# Zip-O Log Mill/Logging Co



## OregonSawyer (Apr 1, 2011)

I am just curious if any of the regulars on here from Willamette Valley area know of Zip-O Log Co? I was a sawyer (a real one, not the alaskan mill type) for them and have built some pretty great relationships with a couple of the older guys that worked there. Just curious if there are any guys on here that I may share mutual friends with. The most of the logging they did was in the Fall Creek region (Zip-O National Forest as the Foresters referred to it). 

Anyway, I have posted on here a little bit and figured I would introduce myself a bit and how I was involved with the lumber industry... 

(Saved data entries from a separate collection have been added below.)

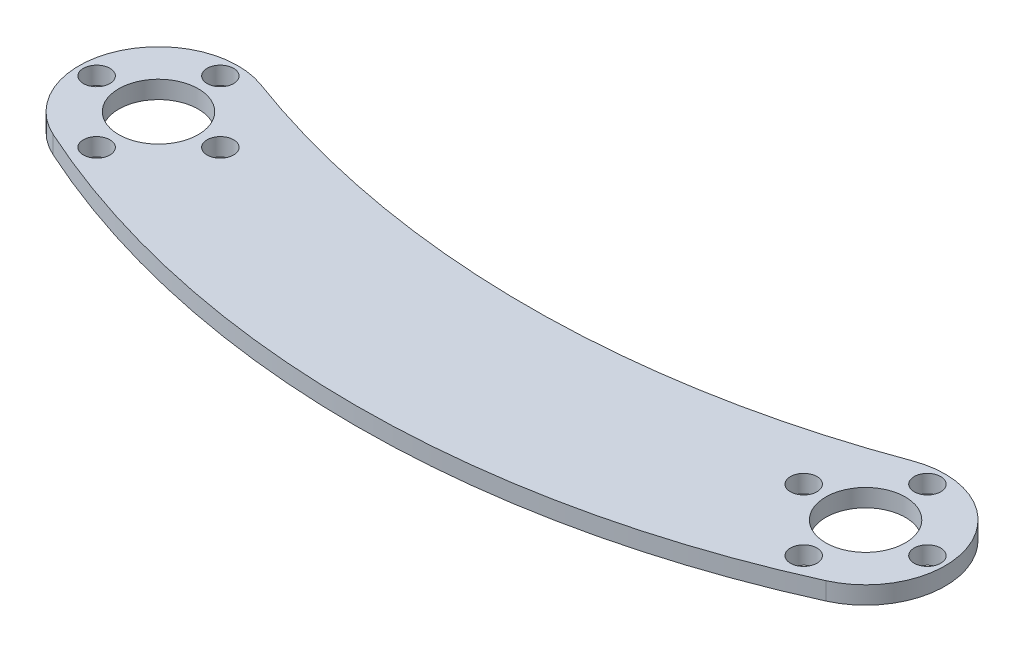
ISO-10303-21;
HEADER;
FILE_DESCRIPTION(('STEP AP214'),'2;1');
FILE_NAME('part.step','',(''),(''),'','','');
FILE_SCHEMA(('AUTOMOTIVE_DESIGN { 1 0 10303 214 1 1 1 1 }'));
ENDSEC;
DATA;
#1=APPLICATION_CONTEXT('core data for automotive mechanical design processes');
#2=APPLICATION_PROTOCOL_DEFINITION('international standard','automotive_design',2000,#1);
#3=PRODUCT_CONTEXT('',#1,'mechanical');
#4=PRODUCT('Part','Part','',(#3));
#5=PRODUCT_RELATED_PRODUCT_CATEGORY('part','',(#4));
#6=PRODUCT_DEFINITION_FORMATION('','',#4);
#7=PRODUCT_DEFINITION_CONTEXT('part definition',#1,'design');
#8=PRODUCT_DEFINITION('design','',#6,#7);
#9=PRODUCT_DEFINITION_SHAPE('','',#8);
#10=(LENGTH_UNIT() NAMED_UNIT(*) SI_UNIT(.MILLI.,.METRE.));
#11=(NAMED_UNIT(*) PLANE_ANGLE_UNIT() SI_UNIT($,.RADIAN.));
#12=(NAMED_UNIT(*) SI_UNIT($,.STERADIAN.) SOLID_ANGLE_UNIT());
#13=UNCERTAINTY_MEASURE_WITH_UNIT(LENGTH_MEASURE(1.E-05),#10,'distance_accuracy_value','');
#14=(GEOMETRIC_REPRESENTATION_CONTEXT(3) GLOBAL_UNCERTAINTY_ASSIGNED_CONTEXT((#13)) GLOBAL_UNIT_ASSIGNED_CONTEXT((#10,
#11,#12)) REPRESENTATION_CONTEXT('',''));
#15=CARTESIAN_POINT('',(0.,0.,0.));
#16=DIRECTION('',(0.,0.,1.));
#17=DIRECTION('',(1.,0.,0.));
#18=AXIS2_PLACEMENT_3D('',#15,#16,#17);
#19=CARTESIAN_POINT('',(0.,2.,0.));
#20=DIRECTION('',(0.,-1.,0.));
#21=DIRECTION('',(0.,0.,-1.));
#22=AXIS2_PLACEMENT_3D('',#19,#20,#21);
#23=CYLINDRICAL_SURFACE('',#22,8.99999999999999);
#24=CARTESIAN_POINT('',(0.,0.,0.));
#25=DIRECTION('',(0.,1.,0.));
#26=DIRECTION('',(0.,0.,-1.));
#27=AXIS2_PLACEMENT_3D('',#24,#25,#26);
#28=CIRCLE('',#27,8.99999999999999);
#29=CARTESIAN_POINT('',(3.13043478260863,0.,-8.43803164676656));
#30=VERTEX_POINT('',#29);
#31=CARTESIAN_POINT('',(-3.71134020618559,0.,8.19914348416651));
#32=VERTEX_POINT('',#31);
#33=EDGE_CURVE('E107',#30,#32,#28,.T.);
#34=ORIENTED_EDGE('',*,*,#33,.T.);
#35=DIRECTION('',(0.,-1.,0.));
#36=VECTOR('',#35,1.);
#37=CARTESIAN_POINT('',(-3.71134020618559,2.,8.19914348416651));
#38=LINE('',#37,#36);
#39=CARTESIAN_POINT('',(-3.71134020618559,2.,8.19914348416651));
#40=VERTEX_POINT('',#39);
#41=EDGE_CURVE('E11',#40,#32,#38,.T.);
#42=ORIENTED_EDGE('',*,*,#41,.F.);
#43=CARTESIAN_POINT('',(0.,2.,0.));
#44=DIRECTION('',(0.,1.,0.));
#45=DIRECTION('',(0.,0.,-1.));
#46=AXIS2_PLACEMENT_3D('',#43,#44,#45);
#47=CIRCLE('',#46,8.99999999999999);
#48=CARTESIAN_POINT('',(3.13043478260863,2.,-8.43803164676656));
#49=VERTEX_POINT('',#48);
#50=EDGE_CURVE('E91',#49,#40,#47,.T.);
#51=ORIENTED_EDGE('',*,*,#50,.F.);
#52=DIRECTION('',(0.,-1.,0.));
#53=VECTOR('',#52,1.);
#54=CARTESIAN_POINT('',(3.13043478260863,2.,-8.43803164676656));
#55=LINE('',#54,#53);
#56=EDGE_CURVE('E103',#49,#30,#55,.T.);
#57=ORIENTED_EDGE('',*,*,#56,.T.);
#58=EDGE_LOOP('',(#34,#42,#51,#57));
#59=FACE_BOUND('',#58,.T.);
#60=ADVANCED_FACE('F39',(#59),#23,.T.);
#61=CARTESIAN_POINT('',(40.,2.,-88.3685464404615));
#62=DIRECTION('',(0.,-1.,0.));
#63=DIRECTION('',(0.,0.,-1.));
#64=AXIS2_PLACEMENT_3D('',#61,#62,#63);
#65=CYLINDRICAL_SURFACE('',#64,106.);
#66=CARTESIAN_POINT('',(40.,0.,-88.3685464404615));
#67=DIRECTION('',(0.,1.,0.));
#68=DIRECTION('',(0.,0.,1.));
#69=AXIS2_PLACEMENT_3D('',#66,#67,#68);
#70=CIRCLE('',#69,106.);
#71=CARTESIAN_POINT('',(83.7113402061856,0.,8.19914348416652));
#72=VERTEX_POINT('',#71);
#73=EDGE_CURVE('E96',#32,#72,#70,.T.);
#74=ORIENTED_EDGE('',*,*,#73,.T.);
#75=DIRECTION('',(0.,-1.,0.));
#76=VECTOR('',#75,1.);
#77=CARTESIAN_POINT('',(83.7113402061856,2.,8.19914348416652));
#78=LINE('',#77,#76);
#79=CARTESIAN_POINT('',(83.7113402061856,2.,8.19914348416652));
#80=VERTEX_POINT('',#79);
#81=EDGE_CURVE('E48',#80,#72,#78,.T.);
#82=ORIENTED_EDGE('',*,*,#81,.F.);
#83=CARTESIAN_POINT('',(40.,2.,-88.3685464404615));
#84=DIRECTION('',(0.,1.,0.));
#85=DIRECTION('',(0.,0.,1.));
#86=AXIS2_PLACEMENT_3D('',#83,#84,#85);
#87=CIRCLE('',#86,106.);
#88=EDGE_CURVE('E86',#40,#80,#87,.T.);
#89=ORIENTED_EDGE('',*,*,#88,.F.);
#90=ORIENTED_EDGE('',*,*,#41,.T.);
#91=EDGE_LOOP('',(#74,#82,#89,#90));
#92=FACE_BOUND('',#91,.T.);
#93=ADVANCED_FACE('F95',(#92),#65,.T.);
#94=CARTESIAN_POINT('',(80.,2.,0.));
#95=DIRECTION('',(0.,-1.,0.));
#96=DIRECTION('',(0.,0.,-1.));
#97=AXIS2_PLACEMENT_3D('',#94,#95,#96);
#98=CYLINDRICAL_SURFACE('',#97,8.99999999999999);
#99=CARTESIAN_POINT('',(80.,0.,0.));
#100=DIRECTION('',(0.,1.,0.));
#101=DIRECTION('',(0.,0.,1.));
#102=AXIS2_PLACEMENT_3D('',#99,#100,#101);
#103=CIRCLE('',#102,8.99999999999999);
#104=CARTESIAN_POINT('',(76.8695652173913,0.,-8.43803164676656));
#105=VERTEX_POINT('',#104);
#106=EDGE_CURVE('E73',#72,#105,#103,.T.);
#107=ORIENTED_EDGE('',*,*,#106,.T.);
#108=DIRECTION('',(0.,-1.,0.));
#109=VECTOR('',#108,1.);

I'm currently going to school for Forest/Civil Engineering as well... Still early on though.

Alan

BTW I may have to sneak up some pics of our me and the Headrig if you woods guys are into the sawmill equipment at all


----------



## RandyMac (Apr 1, 2011)

Sawmills? You're kidding right? Anything with logs or timber is always of interest. I took any chance to look at whatever mills where in the area, one of the coolest was on Indian Creek near Happy Camp, a good portion of the mill ran off of driveshaft driven belts. They milled pecky Cedar for fence boards, you could smell that sawmill for miles.
Part of the family business was sawmills, I wanted to be a sawyer, ended up making stumps instead.


----------



## madhatte (Apr 1, 2011)

Make mine a double. 

I grew up in Centralia, close enough to NW Hardwoods to hear and smell the mill when it wasn't raining. Some days the HS band would be marching to the south and the mill wailing to the north and as a kid that seemed to be about how things ought to be. Dad worked for Weyerhauser. The coal mine was still open. Satsop wasn't dead yet. 

So, uh, yeah, do tell -- please!


----------



## RandyMac (Apr 1, 2011)

I was born across the street from a sawmill.


----------



## paccity (Apr 1, 2011)

lived almost my whole life within earshot of the wail of a mill. youngest years werein a town that it whole existants was the mill. gota do something with the trees that get tipped.


----------



## OregonSawyer (Apr 1, 2011)

I don't have any pics or vids on my comp right now. They are all on my external hard-drive. I'll get a couple things up tomorrow. 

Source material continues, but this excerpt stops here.